Meat’s highs and lows.

If ever a career was fumbled like a one-handed cocktail barman, it was Meat Loaf’s legendary 80s descent. Having made a relative pittance out of Bat Out Of Hell’s 43 million sales he then managed to piss off his golden goose Jim Steinman with drug-induced vocal failures and label wrangles and had to cobble together his 1983 third album Midnight At The Lost And Found with alternative songwriters.

Steinman was set to return for 1984’s Bad Attitude but delays forced Meat Loaf to record two of Steinman’s previously released songs – the poppy, synth-driven Nowhere Fast and billowing album highpoint Surf’s Up – and write the rest with keyboardist Paul Jacobs, Sarah Durkee and John Parr. 

Parr’s work on Cheatin’ In Your Dreams and Don’t Leave Your Mark On Me adds a dated 80s slickness to an otherwise powerful record, with the mighty Queen-anthem-that-never-was Modern Girl ranking among Meat’s catchiest pop bellows and his Roger Daltrey duet on the title track does its damndest to stop traffic a mile away. 

If the title track of Bad Attitude (7/10) was about the sexy, snarling antihero within us all, then the fact that Blind Before I Stop’s (3/10) comically likened listening to rock music to shamelessly wanking in public speaks volumes about the rot setting in.

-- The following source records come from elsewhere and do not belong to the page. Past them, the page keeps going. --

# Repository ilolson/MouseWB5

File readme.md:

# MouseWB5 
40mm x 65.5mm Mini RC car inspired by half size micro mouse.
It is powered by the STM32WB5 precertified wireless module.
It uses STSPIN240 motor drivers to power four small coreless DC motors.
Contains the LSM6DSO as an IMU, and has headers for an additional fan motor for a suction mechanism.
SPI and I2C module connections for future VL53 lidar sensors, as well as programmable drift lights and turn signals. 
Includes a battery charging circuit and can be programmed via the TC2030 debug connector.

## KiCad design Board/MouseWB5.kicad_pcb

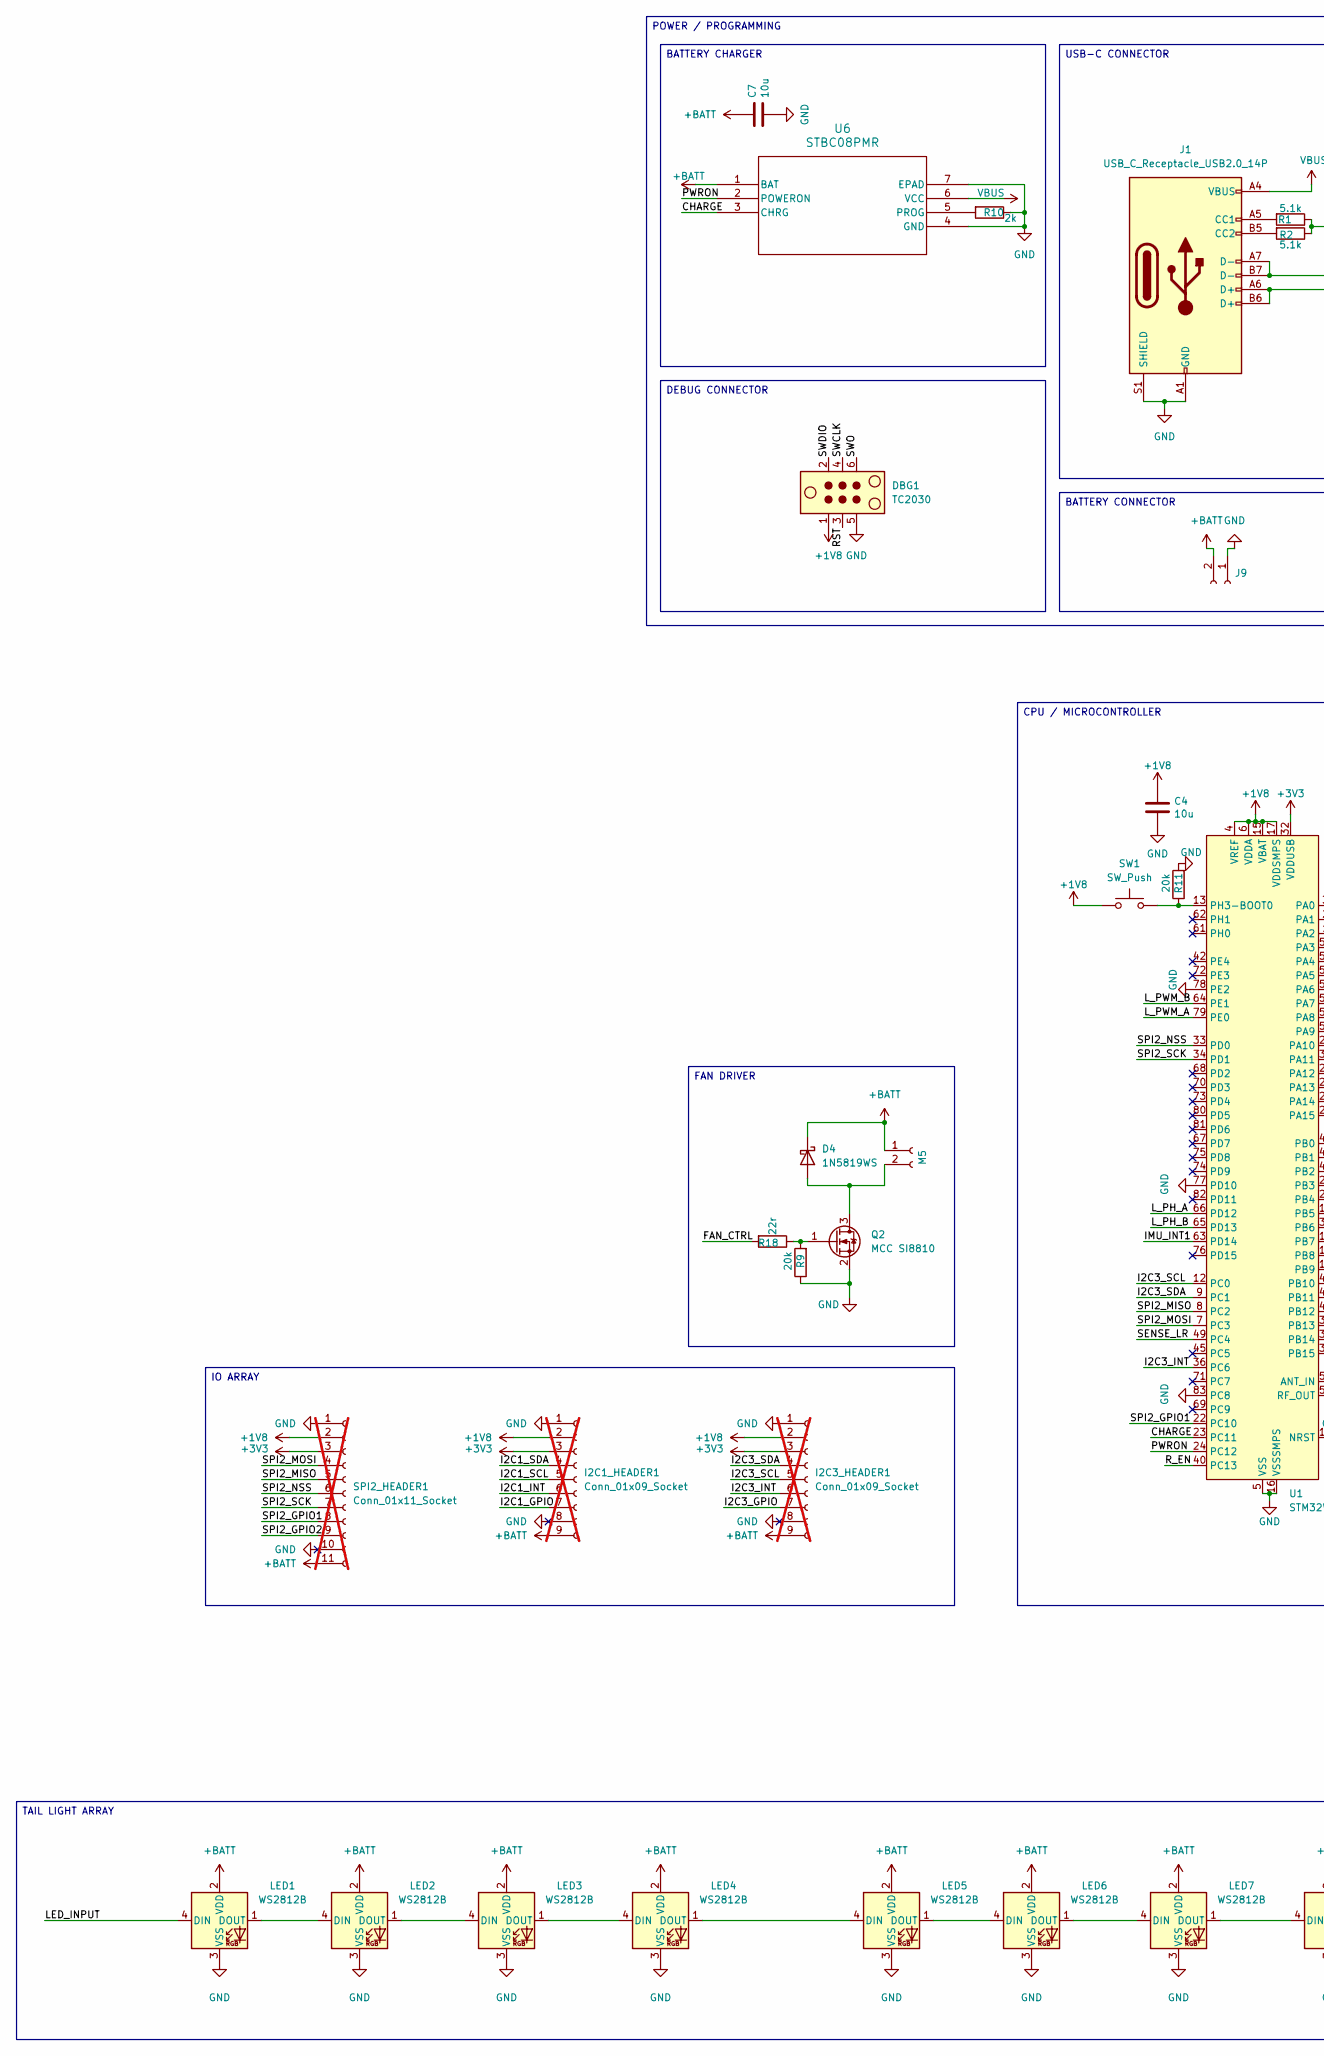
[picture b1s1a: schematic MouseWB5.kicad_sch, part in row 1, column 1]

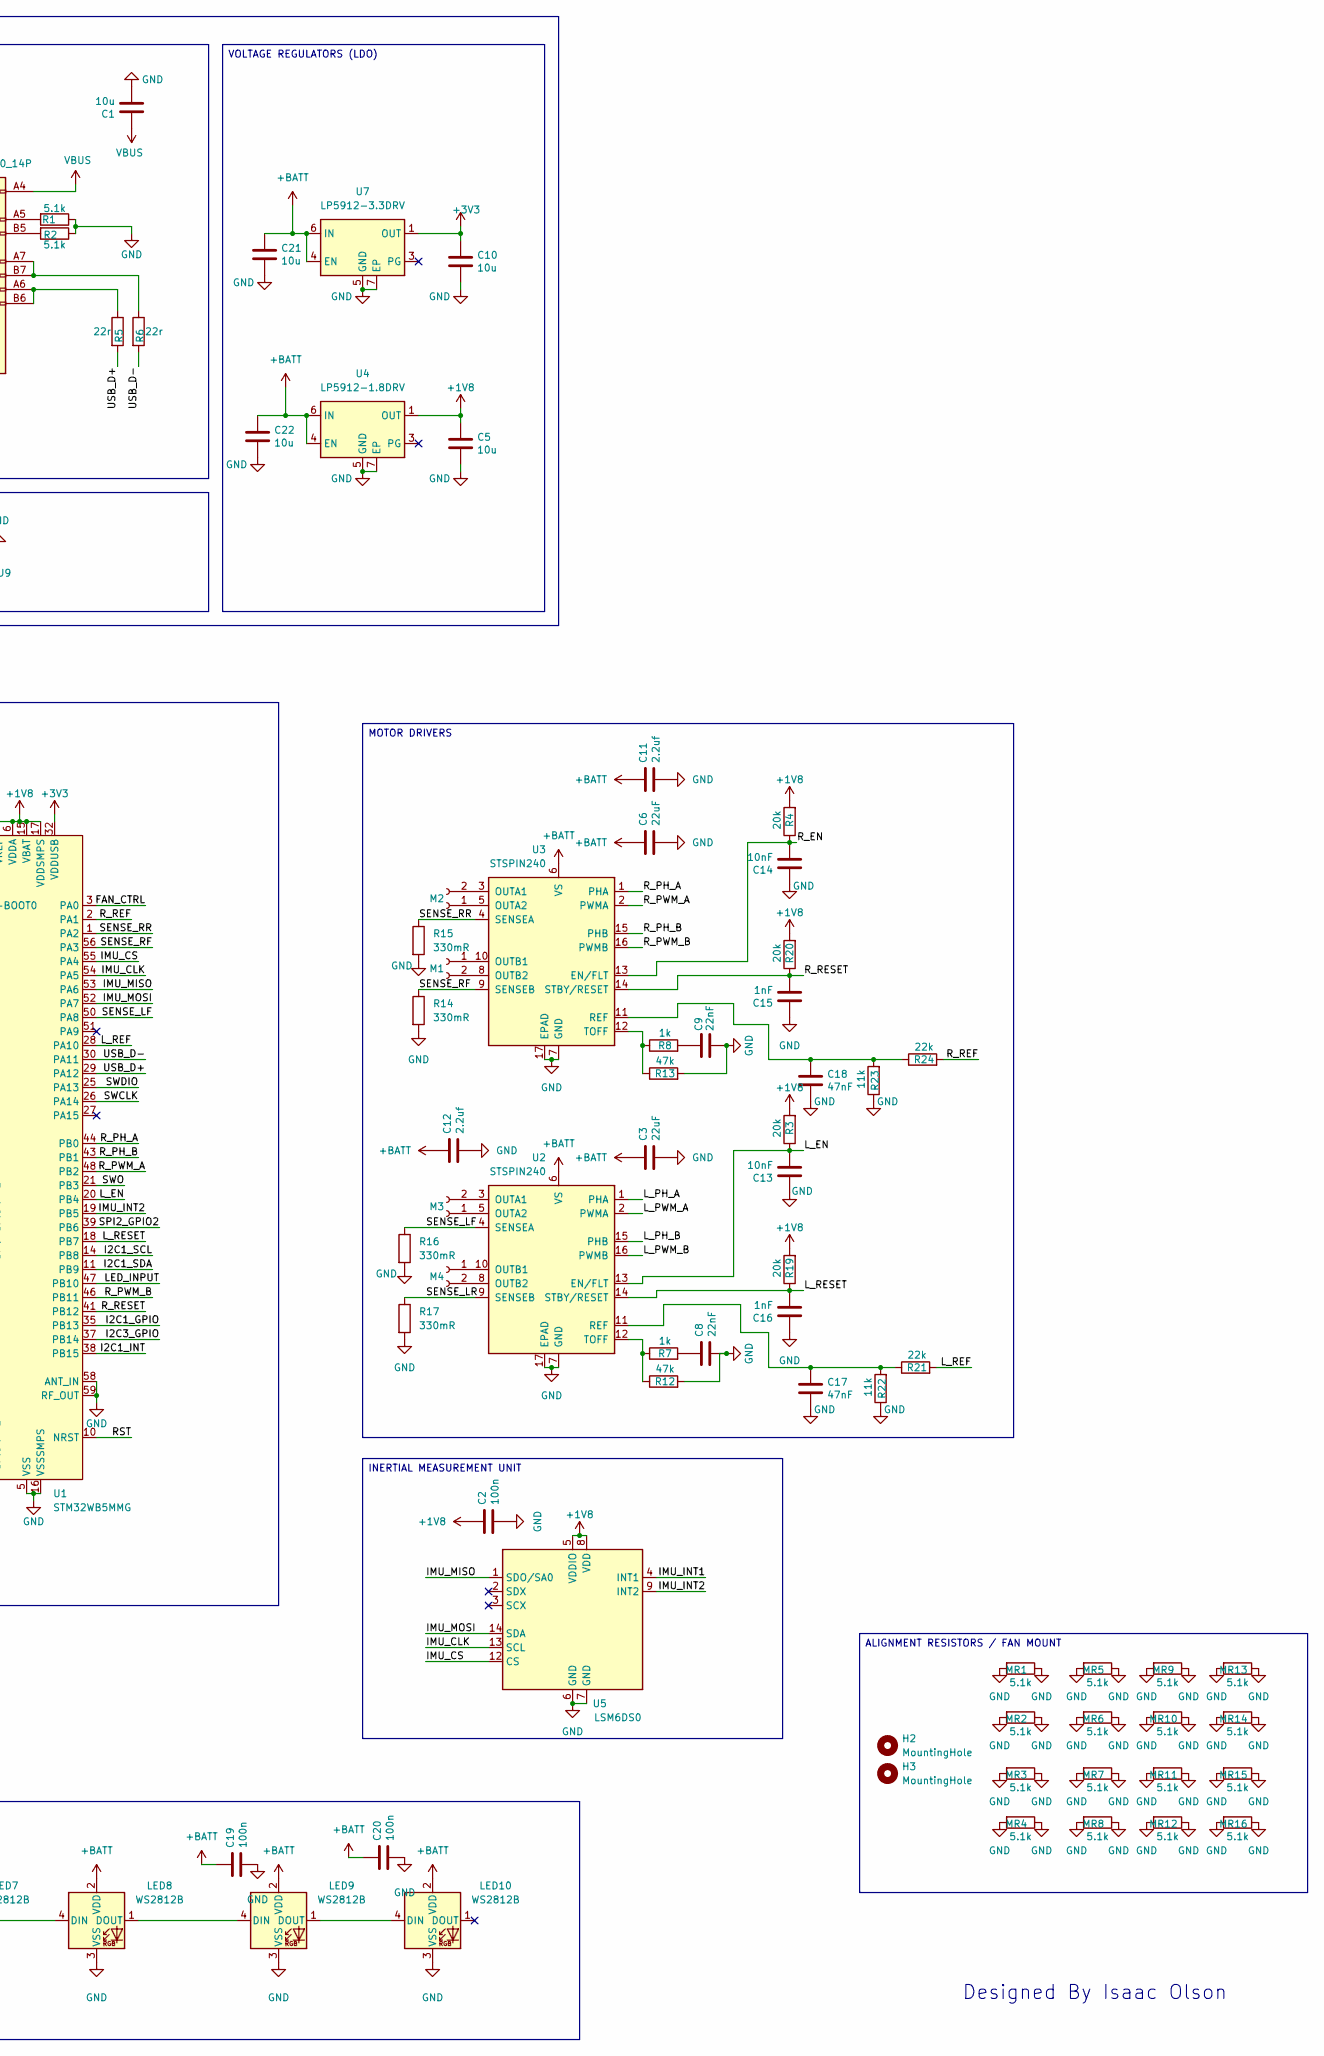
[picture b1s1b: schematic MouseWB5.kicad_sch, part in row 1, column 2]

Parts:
C1, C4, C5, C7, C10, C21, C22: 10u; C_0805_2012Metric; LCSC C408141
C2, C19, C20: 100n; C_0402_1005Metric; LCSC C1525
C3, C6: 22uF; C_0805_2012Metric; LCSC C602037
C8, C9: 22nF; C_0402_1005Metric; LCSC C337699
C11, C12: 2.2uf; C_0402_1005Metric; LCSC C170151
C13, C14: 10nF; C_0402_1005Metric; LCSC C15195
C15, C16: 1nF; C_0402_1005Metric; LCSC C77018
C17, C18: 47nF; C_0402_1005Metric; LCSC C82219
D4: 1N5819WS; D_SOD-323; LCSC C191023
DBG1: TC2030; Tag-Connect_TC2030-IDC-NL_2x03_P1.27mm_Vertical
H2, H3: MountingHole; MountingHole_2.1mm
I2C1_HEADER1, I2C3_HEADER1: Conn_01x09_Socket; PinHeader_1x09_P1.00mm_Vertical; not fitted
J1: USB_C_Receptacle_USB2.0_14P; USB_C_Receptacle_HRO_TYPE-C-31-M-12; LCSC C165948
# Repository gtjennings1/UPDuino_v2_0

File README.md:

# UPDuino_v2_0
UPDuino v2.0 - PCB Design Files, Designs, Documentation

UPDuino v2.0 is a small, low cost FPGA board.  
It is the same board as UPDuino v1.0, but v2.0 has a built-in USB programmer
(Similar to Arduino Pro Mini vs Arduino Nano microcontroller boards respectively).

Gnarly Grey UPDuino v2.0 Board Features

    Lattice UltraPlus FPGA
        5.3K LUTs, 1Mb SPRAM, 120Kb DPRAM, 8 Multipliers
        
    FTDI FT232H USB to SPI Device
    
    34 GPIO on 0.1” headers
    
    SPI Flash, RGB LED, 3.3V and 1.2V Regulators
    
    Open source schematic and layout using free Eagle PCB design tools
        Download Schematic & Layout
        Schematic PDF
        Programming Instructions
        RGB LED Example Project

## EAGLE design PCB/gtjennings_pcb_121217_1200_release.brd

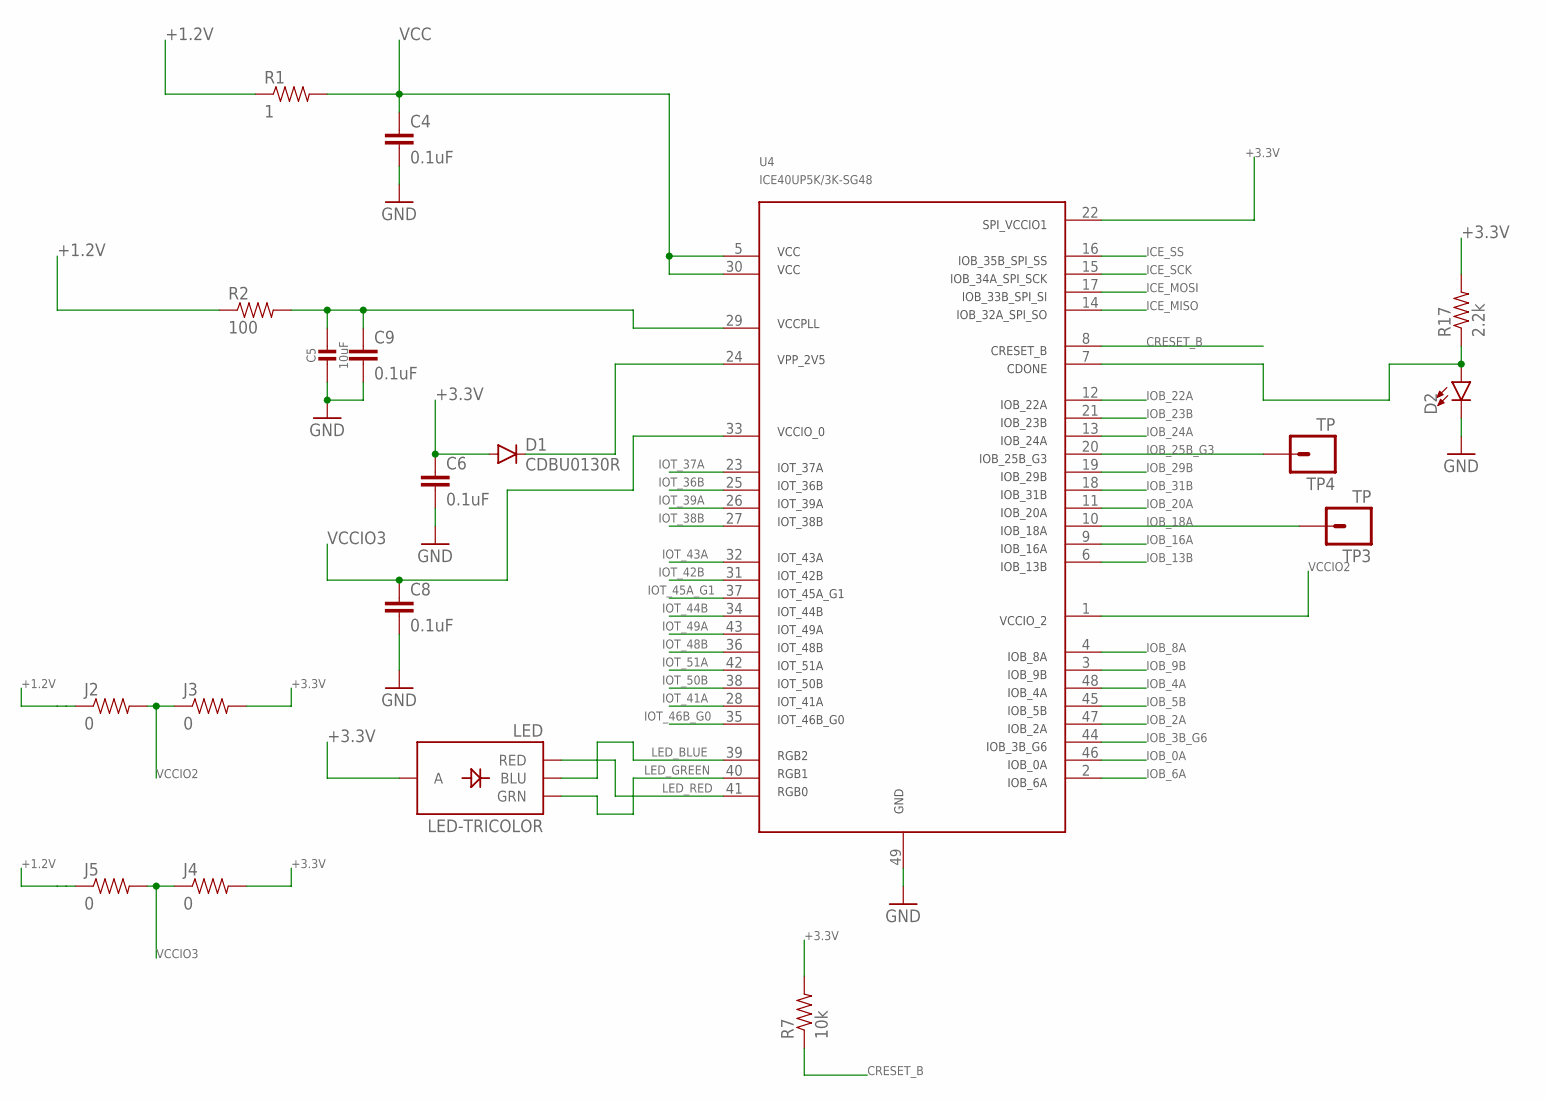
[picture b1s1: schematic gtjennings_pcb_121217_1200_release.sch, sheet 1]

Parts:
C4, C6, C8, C9: 0.1uF; 0603-CAP
C5: 10uF; 0603-NO
D1: CDBU0130R; SOD523
D2: LED0603; LED-0603
J2, J3, J4, J5: 0; 0603-RES
LED: LED-TRICOLOR; LED-TRICOLOR-SMD
R1: 1; 0603-RES
R2: 100; 0603-RES
R7: 10k; 0603-RES
R17: 2.2k; 0603-RES
TP3, TP4: TP
U4: ICE40UP5K/3K-SG48

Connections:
+1.2V: J2.1, J5.1, R1.1, R2.1; also elsewhere on the board
+3.3V: C6.1, D1.A, J3.2, J4.2, LED.A, R7.2, R17.2, U4.22; also elsewhere on the board
CRESET_B: R7.1, U4.8; also elsewhere on the board
GND: C4.2, C5.2, C6.2, C8.2, C9.2, D2.C, U4.49; also elsewhere on the board
ICE_MISO: U4.14; also elsewhere on the board
ICE_MOSI: U4.17; also elsewhere on the board
ICE_SCK: U4.15; also elsewhere on the board
ICE_SS: U4.16; also elsewhere on the board
IOB_0A: U4.46; also elsewhere on the board
IOB_2A: U4.47; also elsewhere on the board
IOB_3B_G6: U4.44; also elsewhere on the board
IOB_4A: U4.48; also elsewhere on the board
IOB_5B: U4.45; also elsewhere on the board
IOB_6A: U4.2; also elsewhere on the board
IOB_8A: U4.4; also elsewhere on the board
IOB_9B: U4.3; also elsewhere on the board
IOB_13B: U4.6; also elsewhere on the board
IOB_16A: U4.9; also elsewhere on the board
IOB_18A: TP3.1, U4.10
IOB_20A: U4.11; also elsewhere on the board
IOB_22A: U4.12; also elsewhere on the board
IOB_23B: U4.21; also elsewhere on the board
IOB_24A: U4.13; also elsewhere on the board
IOB_25B_G3: TP4.1, U4.20
IOB_29B: U4.19; also elsewhere on the board
IOB_31B: U4.18; also elsewhere on the board
IOT_36B: U4.25; also elsewhere on the board
IOT_37A: U4.23; also elsewhere on the board
IOT_38B: U4.27; also elsewhere on the board
IOT_39A: U4.26; also elsewhere on the board
IOT_41A: U4.28; also elsewhere on the board
IOT_42B: U4.31; also elsewhere on the board
IOT_43A: U4.32; also elsewhere on the board
IOT_44B: U4.34; also elsewhere on the board
IOT_45A_G1: U4.37; also elsewhere on the board
IOT_46B_G0: U4.35; also elsewhere on the board
IOT_48B: U4.36; also elsewhere on the board
IOT_49A: U4.43; also elsewhere on the board
IOT_50B: U4.38; also elsewhere on the board
IOT_51A: U4.42; also elsewhere on the board
LED_BLUE: LED.B (BLU), U4.39
LED_GREEN: LED.G (GRN), U4.40
LED_RED: LED.R (RED), U4.41
unnamed: C5.1, C9.1, R2.2, U4.29
unnamed: D1.C, U4.24
unnamed: D2.A, R17.1, U4.7
VCC: C4.1, R1.2, U4.5, U4.30
VCCIO2: J2.2, J3.1, U4.1
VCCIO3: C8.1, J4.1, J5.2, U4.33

Again unable to wait for Steinman’s input, Meat cobbled together his weakest set yet, bolstered by the strident Parr duet Rock’n’Roll Mercenaries and then de-toothed with vapid 80s pop production that made it sound more Boston than Bat. 

Heavy on twinkling pianos, cheesy sax and the general stench of mullet gloss – Burning Down could be Paul Young, ferchrissake – this was meatless Loaf. No wonder, after this handbrake stop on his career, he’d wait seven years for Steinman’s Bat II.